== Dataset extract

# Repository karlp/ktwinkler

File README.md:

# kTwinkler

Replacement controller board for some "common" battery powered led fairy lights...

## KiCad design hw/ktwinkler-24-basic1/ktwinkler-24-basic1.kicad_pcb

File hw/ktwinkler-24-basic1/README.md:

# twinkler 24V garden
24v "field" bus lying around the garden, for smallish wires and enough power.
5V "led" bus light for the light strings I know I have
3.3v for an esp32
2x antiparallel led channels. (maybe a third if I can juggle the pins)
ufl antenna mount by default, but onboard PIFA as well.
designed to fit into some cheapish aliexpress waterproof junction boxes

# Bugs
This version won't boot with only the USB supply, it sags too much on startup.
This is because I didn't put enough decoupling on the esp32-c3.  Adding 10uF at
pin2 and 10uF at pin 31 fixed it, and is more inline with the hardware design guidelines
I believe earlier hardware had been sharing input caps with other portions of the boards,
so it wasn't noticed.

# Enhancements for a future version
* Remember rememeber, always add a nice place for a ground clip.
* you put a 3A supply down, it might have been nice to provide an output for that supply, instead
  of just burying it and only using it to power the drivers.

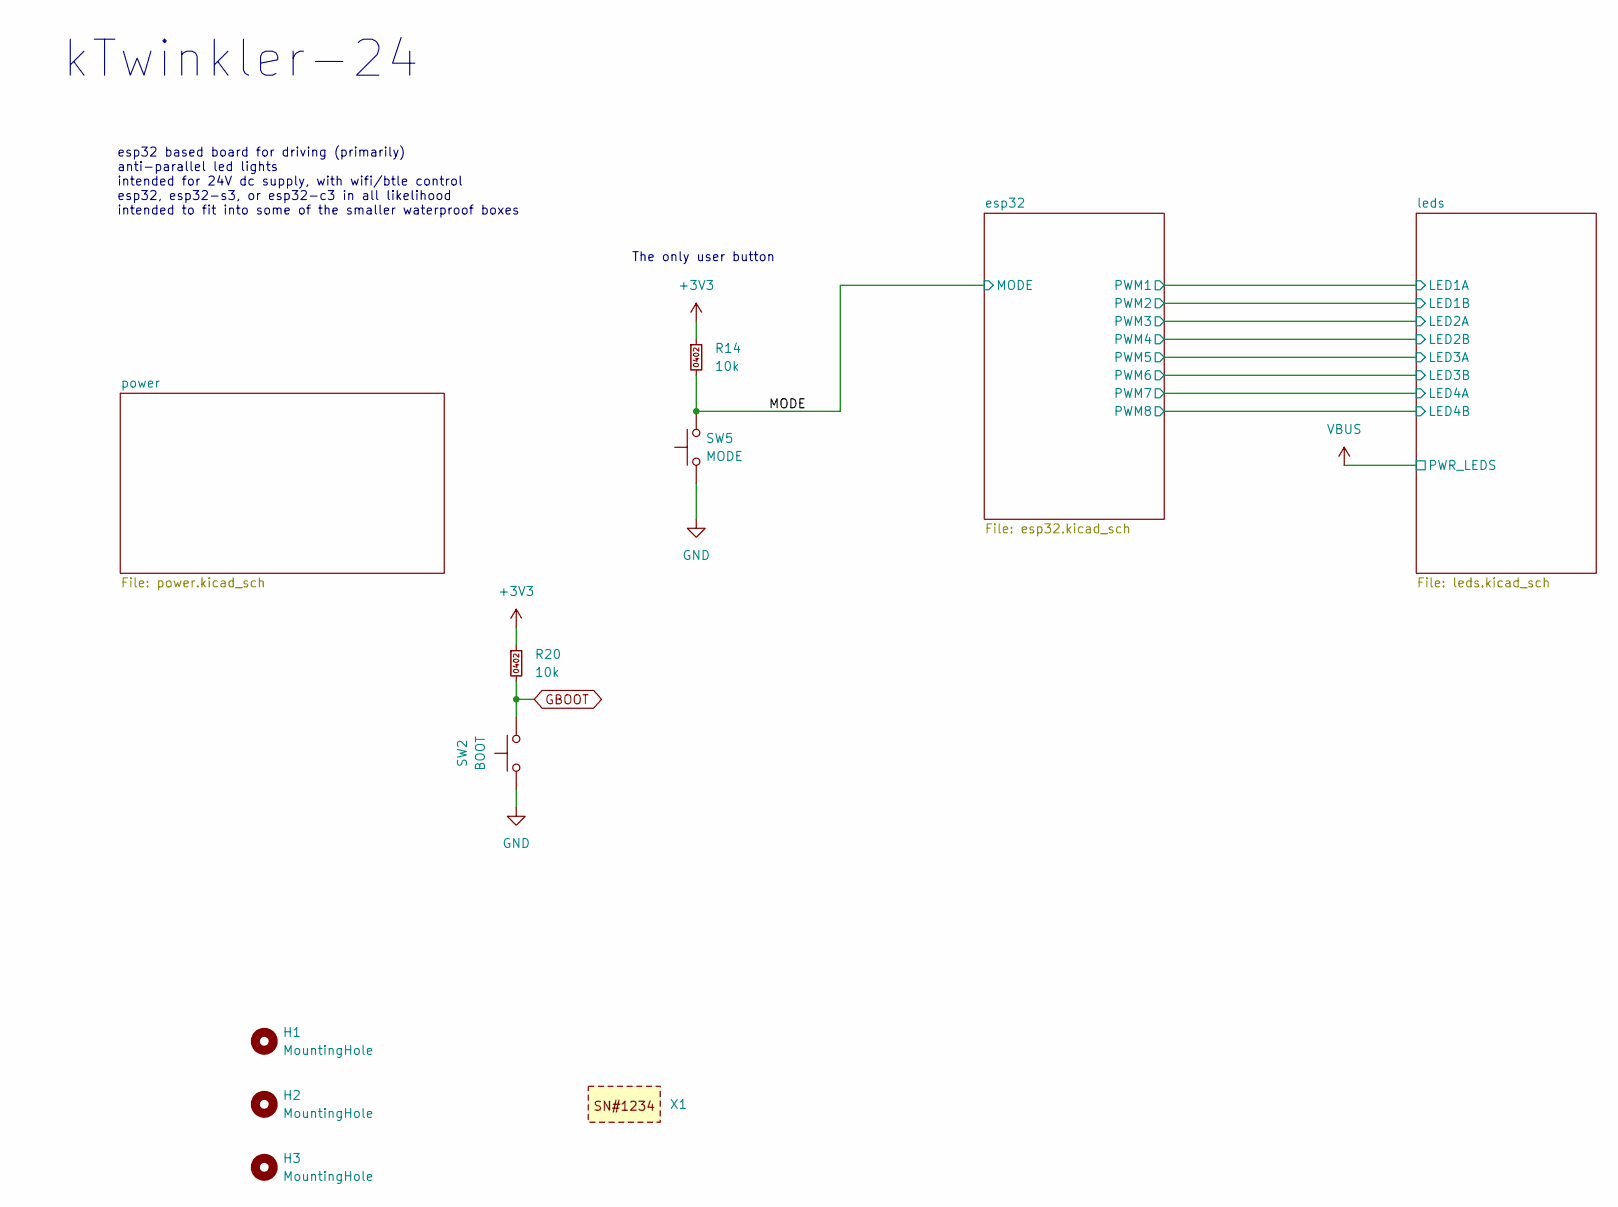
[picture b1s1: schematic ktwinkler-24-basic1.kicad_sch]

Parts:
H1, H2, H3: MountingHole; MountingHole_3.2mm_M3
R14, R20: 10k; R_0402_1005Metric; MPN 0402WGF1002TCE; LCSC Part # C25744
SW2: BOOT; SW_SPST_TL3342; MPN TS-1187A-B-A-B; jlcbasic basic
SW5: MODE; SW_SPST_TL3342; MPN TS-1187A-B-A-B; jlcbasic basic
X1: JLC_2D_BARCODE_8x8mm

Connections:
+3V3: R14.1, R20.1; also elsewhere on the board
/MODE: R14.2, SW5.2; also elsewhere on the board
GBOOT: R20.2, SW2.2; also elsewhere on the board
GND: SW2.1, SW5.1; also elsewhere on the board

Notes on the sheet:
esp32 based board for driving (primarily) anti-parallel led lights intended for 24V dc supply, with wifi/btle control esp32, esp32-s3, or esp32-c3 in all likelihood intended to fit into some of the smaller waterproof boxes
kTwinkler-24
The only user button

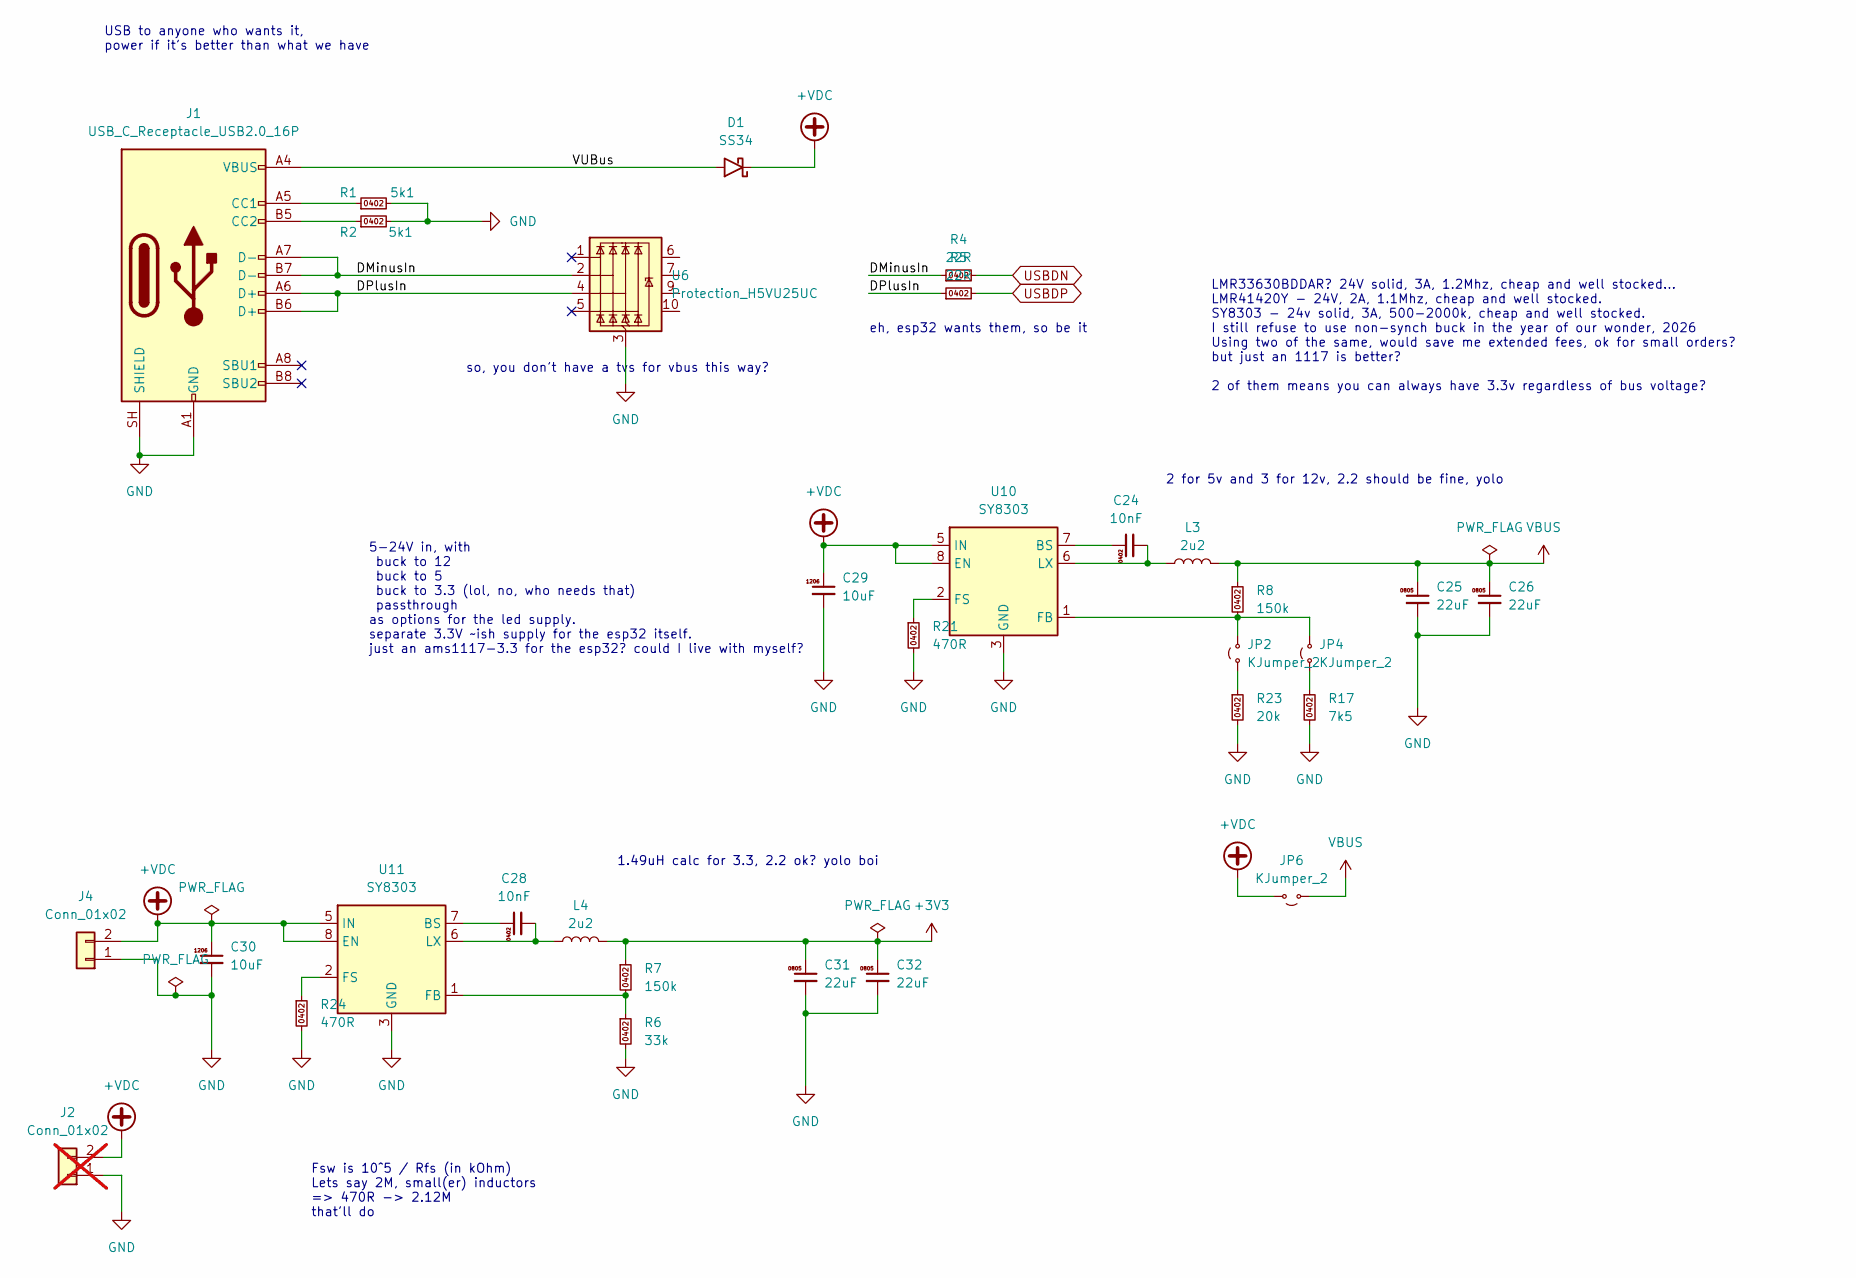
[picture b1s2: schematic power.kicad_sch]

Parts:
C24, C28: 10nF; C_0402_1005Metric; MPN CL05B103KB5NNNC; LCSC Part # C15195
C25, C26, C31, C32: 22uF; C_0805_2012Metric; MPN CL21A226MAQNNNE; LCSC Part # C45783
C29, C30: 10uF; C_1206_3216Metric; MPN CL31A106KBHNNNE; LCSC Part # C13585
D1: SS34; D_SMA; MPN SS34; LCSC Part # C8678
J1: USB_C_Receptacle_USB2.0_16P; USB_C_Receptacle_GCT_USB4105-xx-A_16P_TopMnt_Horizontal; MPN GT-USB-7010ASV; LCSC Part # C2988369
J2: Conn_01x02; PinHeader_1x02_P2.54mm_Vertical; not fitted
J4: Conn_01x02; PhoenixContact_MCV_1,5_2-G-3.81_1x02_P3.81mm_Vertical; MPN WJ15EDGVC-3.81-02P-14-00A; LCSC Part # C8396
JP2, JP4, JP6: KJumper_2; PinHeader_1x02_P2.54mm_Vertical
L3, L4: 2u2; L_Changjiang_FNR4030S; MPN FNR4030S2R2MT; LCSC Part # C167869
R1, R2: 5k1; R_0402_1005Metric; MPN 0402WGF5101TCE; LCSC Part # C25905
R4, R5: 22R; R_0402_1005Metric; MPN 0402WGF220JTCE; LCSC Part # C25092
R6: 33k; R_0402_1005Metric; MPN 0402WGF3302TCE; LCSC Part # C25779
R7, R8: 150k; R_0402_1005Metric; MPN 0402WGF1503TCE; LCSC Part # C25755
R17: 7k5; R_0402_1005Metric; MPN 0402WGF7501TCE; LCSC Part # C25918
R21, R24: 470R; R_0402_1005Metric; MPN 0402WGF4700TCE; LCSC Part # C25117
R23: 20k; R_0402_1005Metric; MPN 0402WGF2002TCE; LCSC Part # C25765
U6: Protection_H5VU25UC; Diodes_UDFN-10_1x2.5mm_P0.5mm; MPN H5VU25UC; jlcbasic preferred
U10, U11: SY8303; TSOT-23-8; LCSC Part # C97054

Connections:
+3V3: C31.1, C32.1, L4.2, R7.1; also elsewhere on the board
+VDC: C29.1, C30.1, D1.1 (K), J2.2, J4.2, JP6.2 (B), U10.5 (IN), U10.8 (EN), U11.5 (IN), U11.8 (EN)
/power/DMinusIn: J1.A7 (D-), J1.B7 (D-), R4.1, U6.2 (I/O2)
/power/DPlusIn: J1.A6 (D+), J1.B6 (D+), R5.1, U6.4 (I/O3)
/power/VUBus: D1.2 (A), J1.A4 (VBUS), J1.A9 (VBUS), J1.B4 (VBUS), J1.B9 (VBUS)
GND: C25.2, C26.2, C29.2, C30.2, C31.2, C32.2, J1.A1 (GND), J1.A12 (GND), J1.B1 (GND), J1.B12 (GND), J1.SH (SHIELD), J2.1, J4.1, R1.2, R2.2, R6.2, R17.2, R21.2, R23.2, R24.2, U6.3 (GND), U6.8 (GND), U10.3 (GND), U10.4 (GND), U11.3 (GND), U11.4 (GND); also elsewhere on the board
unnamed: J1.A5 (CC1), R1.1
unnamed: J1.B5 (CC2), R2.1
unnamed: JP2.1 (A), R23.1
unnamed: JP2.2 (B), JP4.2 (B), R8.2, U10.1 (FB)
unnamed: JP4.1 (A), R17.1
unnamed: C24.1, U10.7 (BS)
unnamed: R21.1, U10.2 (FS)
unnamed: C24.2, L3.1, U10.6 (LX)
unnamed: C28.1, U11.7 (BS)
unnamed: R6.1, R7.2, U11.1 (FB)
unnamed: R24.1, U11.2 (FS)
unnamed: C28.2, L4.1, U11.6 (LX)
USBDN: R4.2; also elsewhere on the board
USBDP: R5.2; also elsewhere on the board
VBUS: C25.1, C26.1, JP6.1 (A), L3.2, R8.1; also elsewhere on the board

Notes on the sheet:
LMR33630BDDAR? 24V solid, 3A, 1.2Mhz, cheap and well stocked... LMR41420Y - 24V, 2A, 1.1Mhz, cheap and well stocked. SY8303 - 24v solid, 3A, 500-2000k, cheap and well stocked. I still refuse to use non-synch buck in the year of our wonder, 2026 Using two of the same, would save me extended fees, ok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
5-24V in, with buck to 12 buck to 5 buck to 3.3 (lol, no, who needs that) passthrough as options for the led supply. separate 3.3V ~ish supply for the esp32 itself. just an ams1117-3.3 for the esp32? could I live with myself?
USB to anyone who wants it, power if it's better than what we have
so, you don't have a tvs for vbus this way?
1.49uH calc for 3.3, 2.2 ok? yolo boi
Fsw is 10^5 / Rfs (in kOhm) Lets say 2M, small(er) inductors => 470R -> 2.12M that'll do
eh, esp32 wants them, so be it
2 for 5v and 3 for 12v, 2.2 should be fine, yolo

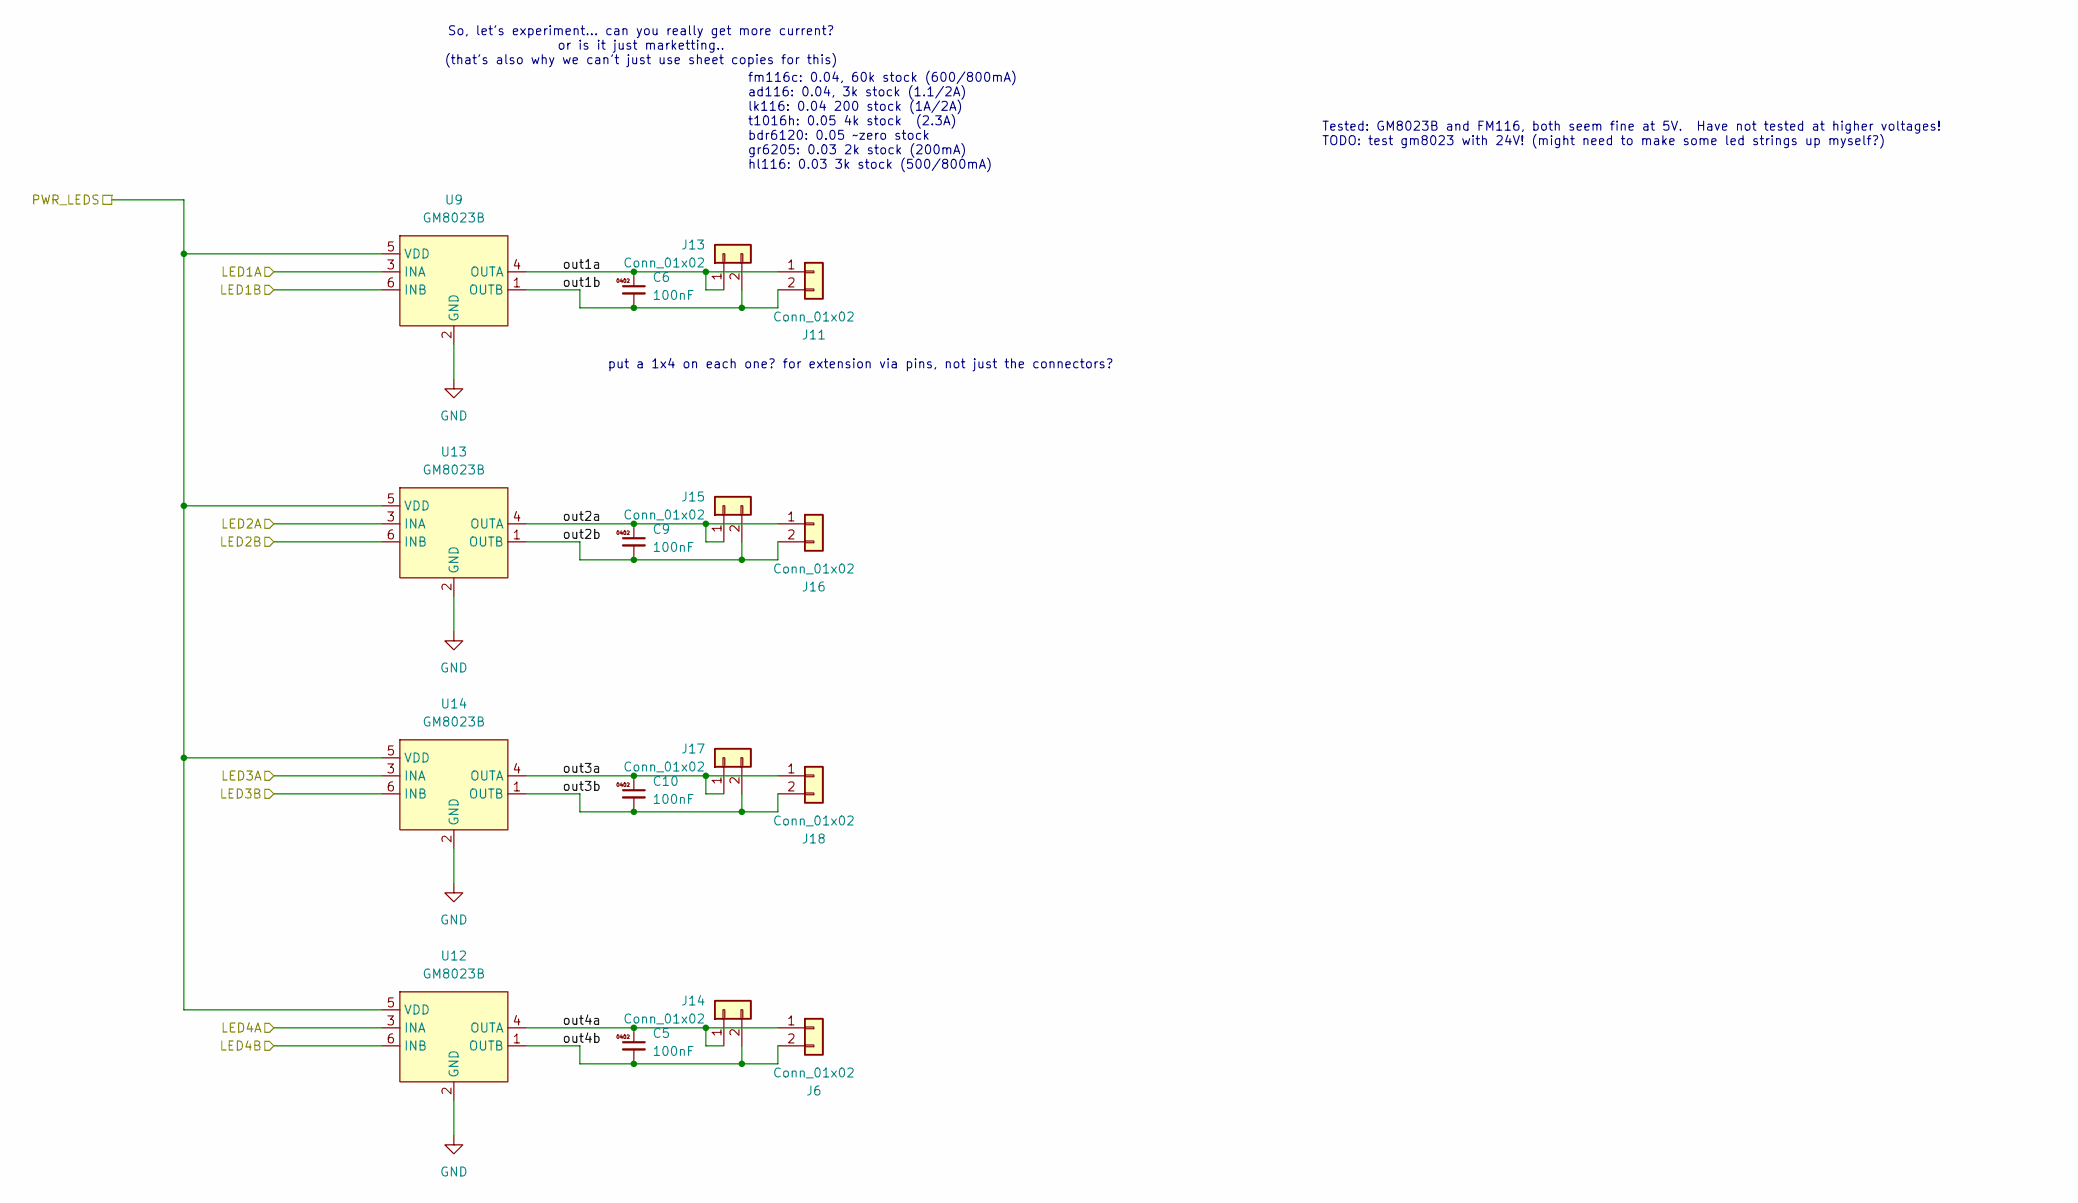
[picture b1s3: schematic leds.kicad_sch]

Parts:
C5, C6, C9, C10: 100nF; C_0402_1005Metric; MPN CL05B104KO5NNNC; LCSC Part # C1525
J6, J11, J16, J18: Conn_01x02; PhoenixContact_MCV_1,5_2-G-3.81_1x02_P3.81mm_Vertical; MPN WJ15EDGVC-3.81-02P-14-00A; LCSC Part # C8396
J13, J14, J15, J17: Conn_01x02; TestPoint_2Pads_Pitch2.54mm_Drill0.8mm
U9, U12, U13, U14: GM8023B; SOT-23-6; MPN GM8023B; LCSC Part # C269871

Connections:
/esp32/PWM1: U9.3 (INA); also elsewhere on the board
/esp32/PWM2: U9.6 (INB); also elsewhere on the board
/esp32/PWM3: U13.3 (INA); also elsewhere on the board
/esp32/PWM4: U13.6 (INB); also elsewhere on the board
/esp32/PWM5: U14.3 (INA); also elsewhere on the board
/esp32/PWM6: U14.6 (INB); also elsewhere on the board
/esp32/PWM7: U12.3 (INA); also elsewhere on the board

====

§ Work request
Repeat the lines of the records verbatim, starting at the line containing "VBUS: C25.1, C26.1, JP6.1" and stopping after the final line. Images stay out.

§ Exercise output
VBUS: C25.1, C26.1, JP6.1 (A), L3.2, R8.1; also elsewhere on the board

Notes on the sheet:
LMR33630BDDAR? 24V solid, 3A, 1.2Mhz, cheap and well stocked... LMR41420Y - 24V, 2A, 1.1Mhz, cheap and well stocked. SY8303 - 24v solid, 3A, 500-2000k, cheap and well stocked. I still refuse to use non-synch buck in the year of our wonder, 2026 Using two of the same, would save me extended fees, ok
5-24V in, with buck to 12 buck to 5 buck to 3.3 (lol, no, who needs that) passthrough as options for the led supply. separate 3.3V ~ish supply for the esp32 itself. just an ams1117-3.3 for the esp32? could I live with myself?
USB to anyone who wants it, power if it's better than what we have
so, you don't have a tvs for vbus this way?
1.49uH calc for 3.3, 2.2 ok? yolo boi
Fsw is 10^5 / Rfs (in kOhm) Lets say 2M, small(er) inductors => 470R -> 2.12M that'll do
eh, esp32 wants them, so be it
2 for 5v and 3 for 12v, 2.2 should be fine, yolo

[picture b1s3: schematic leds.kicad_sch]

Parts:
C5, C6, C9, C10: 100nF; C_0402_1005Metric; MPN CL05B104KO5NNNC; LCSC Part # C1525
J6, J11, J16, J18: Conn_01x02; PhoenixContact_MCV_1,5_2-G-3.81_1x02_P3.81mm_Vertical; MPN WJ15EDGVC-3.81-02P-14-00A; LCSC Part # C8396
J13, J14, J15, J17: Conn_01x02; TestPoint_2Pads_Pitch2.54mm_Drill0.8mm
U9, U12, U13, U14: GM8023B; SOT-23-6; MPN GM8023B; LCSC Part # C269871

Connections:
/esp32/PWM1: U9.3 (INA); also elsewhere on the board
/esp32/PWM2: U9.6 (INB); also elsewhere on the board
/esp32/PWM3: U13.3 (INA); also elsewhere on the board
/esp32/PWM4: U13.6 (INB); also elsewhere on the board
/esp32/PWM5: U14.3 (INA); also elsewhere on the board
/esp32/PWM6: U14.6 (INB); also elsewhere on the board
/esp32/PWM7: U12.3 (INA); also elsewhere on the board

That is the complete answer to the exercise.